What the task asks »
Below are entries. Reproduce exactly the lines between the line holding "point P32 (44, -25)" and the line holding "line L11 (100.1798, -30.6566)", inclusive, and only those.

Records from a dataset
□ □ □ □ □

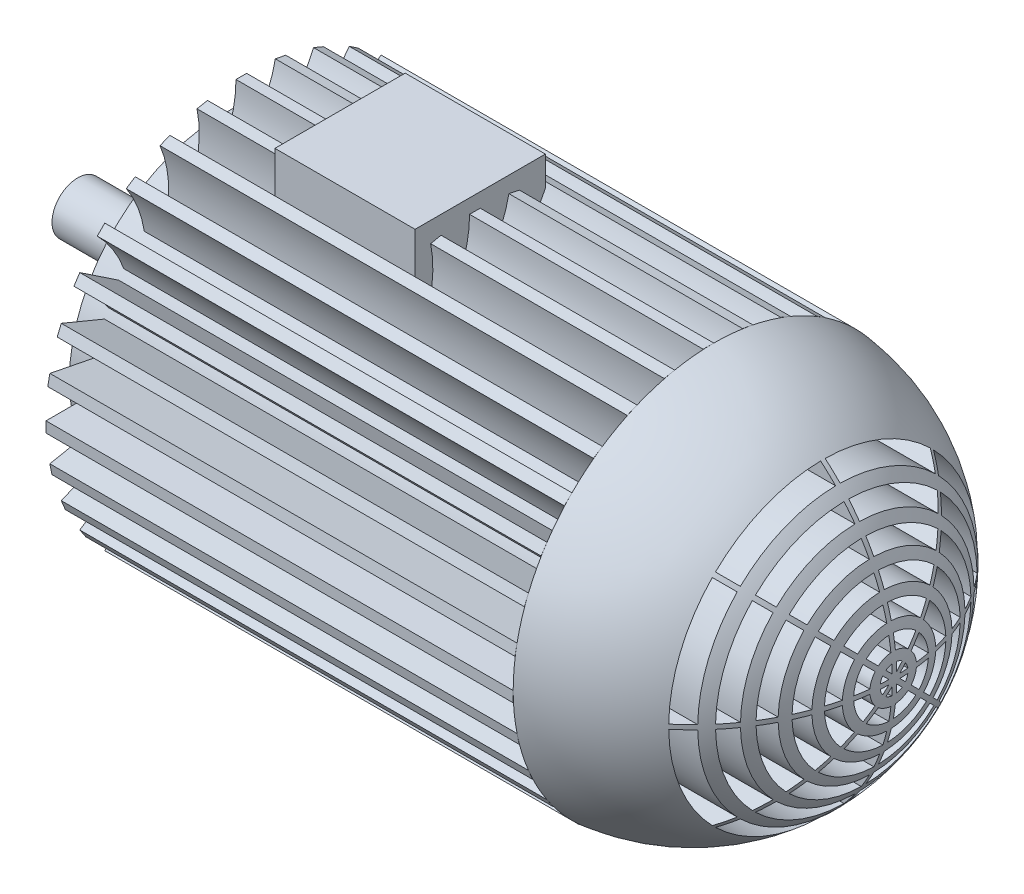
SolidWorks part; units mm, degrees
ref_plane "Front Plane" through (0, 0, 0) normal (0, 0, 1) x (1, 0, 0)
ref_plane "Top Plane" through (0, 0, 0) normal (0, 1, 0) x (1, 0, 0)
ref_plane "Right Plane" through (0, 0, 0) normal (1, 0, 0) x (0, 0, -1)
sketch "Sketch1" plane through (0, 0, 0) normal (0, 0, 1) x (1, 0, 0)
  line L0 (0, 0) -> (277.3544, 0)
  line L1 (0, 0) -> (0, 65.8814)
  line L2 (0, 65.8814) -> (200, 65.8814)
  line L3 (200, 65.8814) -> (200, 85.8814)
  arc A0 (277.3544, 0) -> (200, 85.8814) centre (191.0029, 0) ccw
  dimension "D1" = 200
  dimension "D2" = 20
  dimension "D3" = 85.8814
revolve "Revolve1" add sketch "Sketch1" angle 360 about L0
sketch "Sketch2" plane through (0, 0, 0) normal (-1, 0, 0) x (0, 0, 1)
  line L0 (0, 65.8814) -> (0, 85.8814)
  line L1 (0, 85.8814) -> (4.5519, 85.8814)
  circle A0 centre (0, 0) radius 65.8814 construction
  arc A1 (4.5519, 85.8814) -> (9.068, 65.2544) centre (53.9167, 85.8814) ccw
  arc A2 (9.068, 65.2544) -> (4.5519, 85.8814) centre (53.9167, 85.8814) cw
  circle M2 centre (0, 0) radius 65.8814
  dimension "D1" = 20
extrude "Boss-Extrude1" add sketch "Sketch2" against normal up to surface (200 mm away) contours A1 L1 L0 M2 up to face at (200, 0, 65.8814)
pattern_circular "CirPattern1" count 32 over 360 about axis through (0, 0, 0) along (1, 0, 0) of "Boss-Extrude1"
sketch "Sketch3" plane through (0, 0, 0) normal (-1, 0, 0) x (0, 0, 1)
  circle A0 centre (0, 0) radius 65.8814
extrude "Boss-Extrude2" add sketch "Sketch3" along normal blind 10
sketch "Sketch4" plane through (-10, 0, 0) normal (-1, 0, 0) x (0, 0, 1)
  circle A0 centre (0, 0) radius 11
  dimension "D1" = 22
extrude "Boss-Extrude3" add sketch "Sketch4" along normal blind 30
sketch "Sketch5" plane through (-10, 0, 0) normal (-1, 0, 0) x (0, 0, 1)
  circle A0 centre (0, 51.1865) radius 5
extrude "Cut-Extrude1" cut sketch "Sketch5" against normal blind 5
pattern_circular "CirPattern2" count 8 over 360 about axis through (0, 0, 0) along (1, 0, 0) of "Cut-Extrude1"
sketch "Sketch6" plane through (-40, 0, 0) normal (-1, 0, 0) x (0, 0, 1)
  circle A0 centre (0, 0) radius 4
extrude "Cut-Extrude2" cut sketch "Sketch6" against normal up to surface (240 mm away) up to face at (200, 32.8861, 68.1875)
ref_plane "Plane1" through (40, 0, 0) normal (-1, 0, 0) x (0, 0, 1)
sketch "Sketch7" plane through (40, 0, 0) normal (-1, 0, 0) x (0, 0, 1)
  line L1 (-27.8837, 92.0109) -> (27.8837, 92.0109)
  line L2 (-27.8837, 92.0109) -> (-27.8837, 56.1932)
  line L3 (-27.8837, 56.1932) -> (27.8837, 56.1932)
  line L4 (27.8837, 92.0109) -> (27.8837, 56.1932)
  point P0 (0, 85.8814)
extrude "Boss-Extrude4" add sketch "Sketch7" against normal blind 60
sketch "Sketch8" plane through (0, 92.0109, 0) normal (0, 1, 0) x (1, 0, 0)
  line L1 (32, 40) -> (108, 40)
  line L2 (30, 38) -> (30, -38)
  line L3 (32, -40) -> (108, -40)
  line L4 (110, 38) -> (110, -38)
  line L5 (30, 40) -> (110, -40) construction
  line L6 (30, -40) -> (110, 40) construction
  arc A0 (30, -38) -> (32, -40) centre (32, -38) ccw
  arc A1 (108, -40) -> (110, -38) centre (108, -38) ccw
  arc A2 (32, 40) -> (30, 38) centre (32, 38) ccw
  arc A3 (108, 40) -> (110, 38) centre (108, 38) cw
  point P0 (70, 0)
  dimension "D3" = 2
  dimension "D1" = 80
  dimension "D2" = 80
extrude "Boss-Extrude5" [suppressed] add sketch "Sketch8" along normal blind 40
sketch "Sketch9" [suppressed] plane through (0, 132.0109, 0) normal (0, 1, 0) x (1, 0, 0)
  line L0 (32, -40) -> (108, -40) construction
  line L1 (44, -40) -> (29, -40)
  line L2 (44, -40) -> (44, -27)
  line L3 (42, -25) -> (29, -25)
  line L4 (29, -40) -> (29, -25)
  line L5 (108, 40) -> (32, 40) construction
  line L6 (96, 40) -> (111, 40)
  line L7 (96, 40) -> (96, 27)
  line L8 (98, 25) -> (111, 25)
  line L9 (111, 40) -> (111, 25)
  line L11 (44, 40) -> (29, 40)
  line L12 (44, 40) -> (44, 27)
  line L13 (42, 25) -> (29, 25)
  line L14 (29, 40) -> (29, 25)
  line L15 (96, -40) -> (111, -40)
  line L16 (96, -40) -> (96, -27)
  line L17 (98, -25) -> (111, -25)
  line L18 (111, -40) -> (111, -25)
  arc A0 (44, 27) -> (42, 25) centre (42, 27) cw
  arc A1 (96, 27) -> (98, 25) centre (98, 27) ccw
  arc A2 (96, -27) -> (98, -25) centre (98, -27) cw
  arc A3 (44, -27) -> (42, -25) centre (42, -27) ccw
  point P16 (70, 40)
  point P17 (70, -40)
  point P24 (44, 25)
  point P27 (96, 25)
  point P32 (44, -25)
  dimension "D11" = 2
  dimension "D1" = 15
  dimension "D2" = 15
  dimension "D3" = 15
  dimension "D4" = 15
  dimension "D5" = 26
  dimension "D6" = 26
  dimension "D7" = 15
  dimension "D8" = 15
  dimension "D9" = 26
  dimension "D10" = 26
  dimension "D12" = 15
extrude "Cut-Extrude5" [suppressed] cut sketch "Sketch9" against normal blind 4
sketch "Sketch10" [suppressed] plane through (0, 128.0109, 0) normal (0, 1, 0) x (1, 0, 0)
  line L1 (38.2397, -34.2245) -> (40.2397, -33.0698)
  line L2 (40.2397, -33.0698) -> (40.2397, -30.7604)
  line L3 (40.2397, -30.7604) -> (38.2397, -29.6057)
  line L4 (38.2397, -29.6057) -> (36.2397, -30.7604)
  line L5 (36.2397, -30.7604) -> (36.2397, -33.0698)
  line L6 (36.2397, -33.0698) -> (38.2397, -34.2245)
  line L7 (102.1798, -34.1207) -> (104.1798, -32.966)
  line L8 (104.1798, -32.966) -> (104.1798, -30.6566)
  line L9 (104.1798, -30.6566) -> (102.1798, -29.5019)
  line L10 (102.1798, -29.5019) -> (100.1798, -30.6566)
  line L11 (100.1798, -30.6566) -> (100.1798, -32.966)
  line L12 (100.1798, -32.966) -> (102.1798, -34.1207)
  line L13 (101.8558, 34.0592) -> (99.8558, 32.9045)
  line L14 (99.8558, 32.9045) -> (99.8558, 30.5951)
  line L15 (99.8558, 30.5951) -> (101.8558, 29.4404)
  line L16 (101.8558, 29.4404) -> (103.8558, 30.5951)
  line L17 (103.8558, 30.5951) -> (103.8558, 32.9045)
  line L18 (103.8558, 32.9045) -> (101.8558, 34.0592)
  line L19 (37.8558, 34.0592) -> (35.8558, 32.9045)
  line L20 (35.8558, 32.9045) -> (35.8558, 30.5951)
  line L21 (35.8558, 30.5951) -> (37.8558, 29.4404)
  line L22 (37.8558, 29.4404) -> (39.8558, 30.5951)
  line L23 (39.8558, 30.5951) -> (39.8558, 32.9045)
  line L24 (39.8558, 32.9045) -> (37.8558, 34.0592)
  circle A0 centre (38.2397, -31.9151) radius 2 construction
  circle A1 centre (102.1798, -31.8113) radius 2 construction
  circle A2 centre (101.8558, 31.7498) radius 2 construction
  circle A3 centre (37.8558, 31.7498) radius 2 construction
extrude "Boss-Extrude6" [suppressed] add sketch "Sketch10" along normal blind 2 separate body
ref_plane "Plane2" through (280, 0, 0) normal (-1, 0, 0) x (0, 0, 1)
sketch "Sketch11" plane through (280, 0, 0) normal (-1, 0, 0) x (0, 0, 1)
  line L0 (-50.1737, -48.8119) -> (-2.3247, -0.9629)
  line L1 (-0.9629, -69.9934) -> (0.9629, -69.9934)
  line L2 (-0.9629, -69.9934) -> (-0.9629, -2.3247)
  line L3 (-0.9629, 69.9934) -> (0.9629, 69.9934)
  line L4 (0.9629, -69.9934) -> (0.9629, -2.3247)
  line L5 (-48.8119, -50.1737) -> (-0.9629, -2.3247)
  line L6 (-69.9934, 0.9629) -> (-2.3247, 0.9629)
  line L7 (-69.9934, -0.9629) -> (-2.3247, -0.9629)
  line L8 (-48.8119, 50.1737) -> (-0.9629, 2.3247)
  line L9 (-50.1737, 48.8119) -> (-2.3247, 0.9629)
  line L10 (0.9629, 69.9934) -> (0.9629, 2.3247)
  line L11 (-0.9629, 69.9934) -> (-0.9629, 2.3247)
  line L12 (50.1737, 48.8119) -> (2.3247, 0.9629)
  line L13 (48.8119, 50.1737) -> (0.9629, 2.3247)
  line L14 (69.9934, -0.9629) -> (2.3247, -0.9629)
  line L15 (69.9934, 0.9629) -> (2.3247, 0.9629)
  line L16 (48.8119, -50.1737) -> (0.9629, -2.3247)
  line L17 (50.1737, -48.8119) -> (2.3247, -0.9629)
  line L18 (2.3247, 0.9629) -> (69.9934, 0.9629)
  line L21 (0.9629, 2.3247) -> (0.9629, 69.9934)
  line L22 (0.9629, 2.3247) -> (48.8119, 50.1737)
  line L24 (-0.9629, 2.3247) -> (-48.8119, 50.1737)
  line L26 (-0.9629, 2.3247) -> (-0.9629, 69.9934)
  line L28 (-2.3247, 0.9629) -> (-69.9934, 0.9629)
  line L29 (-2.3247, -0.9629) -> (-50.1737, -48.8119)
  line L31 (-0.9629, -2.3247) -> (-0.9629, -69.9934)
  line L33 (0.9629, -2.3247) -> (48.8119, -50.1737)
  line L35 (0.9629, -2.3247) -> (0.9629, -69.9934)
  line L38 (2.3247, -0.9629) -> (50.1737, -48.8119)
  line L39 (-2.3247, 0.9629) -> (-50.1737, 48.8119)
  line L40 (2.3247, 0.9629) -> (50.1737, 48.8119)
  line L42 (2.3247, -0.9629) -> (69.9934, -0.9629)
  line L45 (-0.9629, -2.3247) -> (-48.8119, -50.1737)
  line L47 (-2.3247, -0.9629) -> (-69.9934, -0.9629)
  arc A0 (41.74, 43.1018) -> (0.9629, 59.9923) centre (0, 0) ccw
  arc A1 (38.9112, 40.273) -> (0.9629, 55.9917) centre (0, 0) ccw
  arc A2 (45.9832, 47.345) -> (0.9629, 65.993) centre (0, 0) ccw
  circle A3 centre (0, 0) radius 70
  arc A4 (31.8389, 33.2007) -> (0.9629, 45.9899) centre (0, 0) ccw
  arc A5 (34.6679, 36.0297) -> (0.9629, 49.9907) centre (0, 0) ccw
  arc A6 (24.7658, 26.1276) -> (0.9629, 35.9871) centre (0, 0) ccw
  arc A7 (27.5952, 28.957) -> (0.9629, 39.9884) centre (0, 0) ccw
  arc A8 (17.6913, 19.0531) -> (0.9629, 25.9822) centre (0, 0) ccw
  arc A9 (20.5214, 21.8832) -> (0.9629, 29.9845) centre (0, 0) ccw
  arc A10 (10.6123, 11.9741) -> (0.9629, 15.971) centre (0, 0) ccw
  arc A11 (13.4448, 14.8066) -> (0.9629, 19.9768) centre (0, 0) ccw
  arc A12 (3.5067, 4.8685) -> (0.9629, 5.9222) centre (0, 0) ccw
  arc A13 (6.3573, 7.7191) -> (0.9629, 9.9535) centre (0, 0) ccw
  circle A14 centre (0, 0) radius 66 construction
  circle A15 centre (0, 0) radius 60 construction
  circle A16 centre (0, 0) radius 56 construction
  circle A17 centre (0, 0) radius 50 construction
  circle A18 centre (0, 0) radius 46 construction
  circle A19 centre (0, 0) radius 40 construction
  circle A20 centre (0, 0) radius 36 construction
  circle A21 centre (0, 0) radius 30 construction
  circle A22 centre (0, 0) radius 26 construction
  circle A23 centre (0, 0) radius 20 construction
  circle A24 centre (0, 0) radius 16 construction
  circle A25 centre (0, 0) radius 10 construction
  circle A26 centre (0, 0) radius 6 construction
  arc A27 (-0.9629, 5.9222) -> (-3.5067, 4.8685) centre (0, 0) ccw
  arc A28 (-0.9629, 9.9535) -> (-6.3573, 7.7191) centre (0, 0) ccw
  arc A29 (-0.9629, 15.971) -> (-10.6123, 11.9741) centre (0, 0) ccw
  arc A30 (-4.8685, 3.5067) -> (-5.9222, 0.9629) centre (0, 0) ccw
  arc A31 (-7.7191, 6.3573) -> (-9.9535, 0.9629) centre (0, 0) ccw
  arc A32 (-11.9741, 10.6123) -> (-15.971, 0.9629) centre (0, 0) ccw
  arc A33 (-14.8066, 13.4448) -> (-19.9768, 0.9629) centre (0, 0) ccw
  arc A34 (-5.9222, -0.9629) -> (-4.8685, -3.5067) centre (0, 0) ccw
  arc A35 (-9.9535, -0.9629) -> (-7.7191, -6.3573) centre (0, 0) ccw
  arc A36 (-15.971, -0.9629) -> (-11.9741, -10.6123) centre (0, 0) ccw
  arc A37 (5.9222, 0.9629) -> (4.8685, 3.5067) centre (0, 0) ccw
  arc A38 (9.9535, 0.9629) -> (7.7191, 6.3573) centre (0, 0) ccw
  arc A39 (15.971, 0.9629) -> (11.9741, 10.6123) centre (0, 0) ccw
  arc A40 (19.9768, 0.9629) -> (14.8066, 13.4448) centre (0, 0) ccw
  arc A41 (4.8685, -3.5067) -> (5.9222, -0.9629) centre (0, 0) ccw
  arc A42 (7.7191, -6.3573) -> (9.9535, -0.9629) centre (0, 0) ccw
  arc A43 (11.9741, -10.6123) -> (15.971, -0.9629) centre (0, 0) ccw
  arc A44 (14.8066, -13.4448) -> (19.9768, -0.9629) centre (0, 0) ccw
  arc A45 (19.0531, -17.6913) -> (25.9822, -0.9629) centre (0, 0) ccw
  arc A46 (21.8832, -20.5214) -> (29.9845, -0.9629) centre (0, 0) ccw
  arc A47 (26.1276, -24.7658) -> (35.9871, -0.9629) centre (0, 0) ccw
  arc A48 (28.957, -27.5952) -> (39.9884, -0.9629) centre (0, 0) ccw
  arc A49 (33.2007, -31.8389) -> (45.9899, -0.9629) centre (0, 0) ccw
  arc A50 (36.0297, -34.6679) -> (49.9907, -0.9629) centre (0, 0) ccw
  arc A51 (40.273, -38.9112) -> (55.9917, -0.9629) centre (0, 0) ccw
  arc A52 (43.1018, -41.74) -> (59.9923, -0.9629) centre (0, 0) ccw
  arc A53 (47.345, -45.9832) -> (65.993, -0.9629) centre (0, 0) ccw
  arc A54 (0.9629, -65.993) -> (45.9832, -47.345) centre (0, 0) ccw
  arc A55 (0.9629, -59.9923) -> (41.74, -43.1018) centre (0, 0) ccw
  arc A56 (0.9629, -55.9917) -> (38.9112, -40.273) centre (0, 0) ccw
  arc A57 (0.9629, -49.9907) -> (34.6679, -36.0297) centre (0, 0) ccw
  arc A58 (0.9629, -45.9899) -> (31.8389, -33.2007) centre (0, 0) ccw
  arc A59 (0.9629, -39.9884) -> (27.5952, -28.957) centre (0, 0) ccw
  arc A60 (0.9629, -35.9871) -> (24.7658, -26.1276) centre (0, 0) ccw
  arc A61 (0.9629, -29.9845) -> (20.5214, -21.8832) centre (0, 0) ccw
  arc A62 (0.9629, -25.9822) -> (17.6913, -19.0531) centre (0, 0) ccw
  arc A63 (0.9629, -19.9768) -> (13.4448, -14.8066) centre (0, 0) ccw
  arc A64 (0.9629, -5.9222) -> (3.5067, -4.8685) centre (0, 0) ccw
  arc A65 (0.9629, -9.9535) -> (6.3573, -7.7191) centre (0, 0) ccw
  arc A66 (0.9629, -15.971) -> (10.6123, -11.9741) centre (0, 0) ccw
  arc A67 (-3.5067, -4.8685) -> (-0.9629, -5.9222) centre (0, 0) ccw
  arc A68 (-6.3573, -7.7191) -> (-0.9629, -9.9535) centre (0, 0) ccw
  arc A69 (-10.6123, -11.9741) -> (-0.9629, -15.971) centre (0, 0) ccw
  arc A70 (-13.4448, -14.8066) -> (-0.9629, -19.9768) centre (0, 0) ccw
  arc A71 (-17.6913, -19.0531) -> (-0.9629, -25.9822) centre (0, 0) ccw
  arc A72 (-20.5214, -21.8832) -> (-0.9629, -29.9845) centre (0, 0) ccw
  arc A73 (-27.5952, -28.957) -> (-0.9629, -39.9884) centre (0, 0) ccw
  arc A74 (-24.7658, -26.1276) -> (-0.9629, -35.9871) centre (0, 0) ccw
  arc A75 (-45.9832, -47.345) -> (-0.9629, -65.993) centre (0, 0) ccw
  arc A76 (-41.74, -43.1018) -> (-0.9629, -59.9923) centre (0, 0) ccw
  arc A77 (-38.9112, -40.273) -> (-0.9629, -55.9917) centre (0, 0) ccw
  arc A78 (-34.6679, -36.0297) -> (-0.9629, -49.9907) centre (0, 0) ccw
  arc A79 (-31.8389, -33.2007) -> (-0.9629, -45.9899) centre (0, 0) ccw
  arc A80 (-0.9629, 65.993) -> (-45.9832, 47.345) centre (0, 0) ccw
  arc A81 (-0.9629, 59.9923) -> (-41.74, 43.1018) centre (0, 0) ccw
  arc A82 (-0.9629, 55.9917) -> (-38.9112, 40.273) centre (0, 0) ccw
  arc A83 (-0.9629, 49.9907) -> (-34.6679, 36.0297) centre (0, 0) ccw
  arc A84 (-0.9629, 45.9899) -> (-31.8389, 33.2007) centre (0, 0) ccw
  arc A85 (-0.9629, 39.9884) -> (-27.5952, 28.957) centre (0, 0) ccw
  arc A86 (-0.9629, 35.9871) -> (-24.7658, 26.1276) centre (0, 0) ccw
  arc A87 (-0.9629, 29.9845) -> (-20.5214, 21.8832) centre (0, 0) ccw
  arc A88 (-0.9629, 25.9822) -> (-25.9822, 0.9629) centre (0, 0) ccw
  arc A89 (-0.9629, 19.9768) -> (-13.4448, 14.8066) centre (0, 0) ccw
  arc A90 (-47.345, 45.9832) -> (-65.993, 0.9629) centre (0, 0) ccw
  arc A91 (-43.1018, 41.74) -> (-59.9923, 0.9629) centre (0, 0) ccw
  arc A92 (-40.273, 38.9112) -> (-55.9917, 0.9629) centre (0, 0) ccw
  arc A93 (-36.0297, 34.6679) -> (-49.9907, 0.9629) centre (0, 0) ccw
  arc A94 (-33.2007, 31.8389) -> (-45.9899, 0.9629) centre (0, 0) ccw
  arc A95 (-28.957, 27.5952) -> (-39.9884, 0.9629) centre (0, 0) ccw
  arc A96 (-26.1276, 24.7658) -> (-35.9871, 0.9629) centre (0, 0) ccw
  arc A97 (-21.8832, 20.5214) -> (-29.9845, 0.9629) centre (0, 0) ccw
  arc A98 (-25.9822, -0.9629) -> (-19.0531, -17.6913) centre (0, 0) ccw
  arc A99 (-29.9845, -0.9629) -> (-21.8832, -20.5214) centre (0, 0) ccw
  arc A100 (-35.9871, -0.9629) -> (-26.1276, -24.7658) centre (0, 0) ccw
  arc A101 (-39.9884, -0.9629) -> (-28.957, -27.5952) centre (0, 0) ccw
  arc A102 (-45.9899, -0.9629) -> (-33.2007, -31.8389) centre (0, 0) ccw
  arc A103 (-49.9907, -0.9629) -> (-36.0297, -34.6679) centre (0, 0) ccw
  arc A104 (-55.9917, -0.9629) -> (-40.273, -38.9112) centre (0, 0) ccw
  arc A105 (-59.9923, -0.9629) -> (-43.1018, -41.74) centre (0, 0) ccw
  arc A106 (-65.993, -0.9629) -> (-47.345, -45.9832) centre (0, 0) ccw
  arc A107 (-19.9768, -0.9629) -> (-14.8066, -13.4448) centre (0, 0) ccw
  arc A108 (65.993, 0.9629) -> (47.345, 45.9832) centre (0, 0) ccw
  arc A109 (59.9923, 0.9629) -> (43.1018, 41.74) centre (0, 0) ccw
  arc A110 (55.9917, 0.9629) -> (40.273, 38.9112) centre (0, 0) ccw
  arc A111 (49.9907, 0.9629) -> (36.0297, 34.6679) centre (0, 0) ccw
  arc A112 (45.9899, 0.9629) -> (33.2007, 31.8389) centre (0, 0) ccw
  arc A113 (39.9884, 0.9629) -> (28.957, 27.5952) centre (0, 0) ccw
  arc A114 (35.9871, 0.9629) -> (26.1276, 24.7658) centre (0, 0) ccw
  arc A115 (29.9845, 0.9629) -> (21.8832, 20.5214) centre (0, 0) ccw
  arc A116 (25.9822, 0.9629) -> (19.0531, 17.6913) centre (0, 0) ccw
  point P62 (0, 0)
  dimension "D1" = 10
  dimension "D2" = 10
  dimension "D3" = 10
  dimension "D4" = 10
  dimension "D5" = 10
  dimension "D6" = 10
  dimension "D7" = 8
extrude "Cut-Extrude6" cut sketch "Sketch11" along normal up to vertex contours A81 L26 A80 L24 | A91 L39 A90 L28 | L47 A106 L29 A105 | L47 A104 L29 A103 | L47 A102 L29 A101 | L47 A100 L29 A99 | A107 L47 A98 L29 | L47 A36 L29 A35 | L47 A34 L29 | L39 A30 L28 | L26 A27 L24 | L22 A12 L21 | L18 A37 L40 | L38 A41 L42 | L35 A64 L33 | L45 A67 L31 | L38 A43 L42 A42 | L18 A39 L40 A38 | A13 L13 A10 L10 | L26 A29 L24 A28 | L39 A32 L28 A31 | L45 A69 L31 A68 | L35 A66 L33 A65 | L39 A88 L28 A33 | L45 A71 L31 A70 | A63 L35 A62 L33 | L38 A45 L42 A44 | L18 A116 L40 A40 | A11 L22 A8 L21 | A89 L26 A88 L24 | A97 L39 A96 L28 | A87 L26 A86 L24 | A115 L18 A114 L40 | A113 L18 A112 L40 | A111 L18 A110 L40 | A109 L18 A108 L40 | L38 A53 L42 A52 | L38 A51 L42 A50 | L38 A49 L42 A48 | L38 A47 L42 A46 | A55 L35 A54 L33 | A57 L35 A56 L33 | A59 L35 A58 L33 | A61 L35 A60 L33 | L5 A74 L2 A72 | L45 A79 L31 A73 | A78 L45 A77 L31 | A76 L45 A75 L31 | L22 A2 L21 A0 | A5 L13 A1 L10 | A7 L22 A4 L21 | A9 L13 A6 L10 | A83 L26 A82 L24 | A85 L26 A84 L24 | A95 L39 A94 L28 | A93 L39 A92 L28
scale "Scale1" scale about centroid uniform scaling yes scale factor 0.8
sketch "Sketch12" plane through (-9.0744, 0, 0) normal (-1, 0, 0) x (0, 0, 1)
  circle A0 centre (0.0019, 0.2467) radius 3.2 construction
  circle A1 centre (0.0019, 0.2467) radius 8.8 construction
  circle A2 centre (0.0019, 0.2467) radius 3.2
  circle A3 centre (0.0019, 0.2467) radius 8.8
extrude "Boss-Extrude7" add sketch "Sketch12" along normal blind 25.84

□ □ □ □ □

Result below »
  point P32 (44, -25)
  dimension "D11" = 2
  dimension "D1" = 15
  dimension "D2" = 15
  dimension "D3" = 15
  dimension "D4" = 15
  dimension "D5" = 26
  dimension "D6" = 26
  dimension "D7" = 15
  dimension "D8" = 15
  dimension "D9" = 26
  dimension "D10" = 26
  dimension "D12" = 15
extrude "Cut-Extrude5" [suppressed] cut sketch "Sketch9" against normal blind 4
sketch "Sketch10" [suppressed] plane through (0, 128.0109, 0) normal (0, 1, 0) x (1, 0, 0)
  line L1 (38.2397, -34.2245) -> (40.2397, -33.0698)
  line L2 (40.2397, -33.0698) -> (40.2397, -30.7604)
  line L3 (40.2397, -30.7604) -> (38.2397, -29.6057)
  line L4 (38.2397, -29.6057) -> (36.2397, -30.7604)
  line L5 (36.2397, -30.7604) -> (36.2397, -33.0698)
  line L6 (36.2397, -33.0698) -> (38.2397, -34.2245)
  line L7 (102.1798, -34.1207) -> (104.1798, -32.966)
  line L8 (104.1798, -32.966) -> (104.1798, -30.6566)
  line L9 (104.1798, -30.6566) -> (102.1798, -29.5019)
  line L10 (102.1798, -29.5019) -> (100.1798, -30.6566)
  line L11 (100.1798, -30.6566) -> (100.1798, -32.966)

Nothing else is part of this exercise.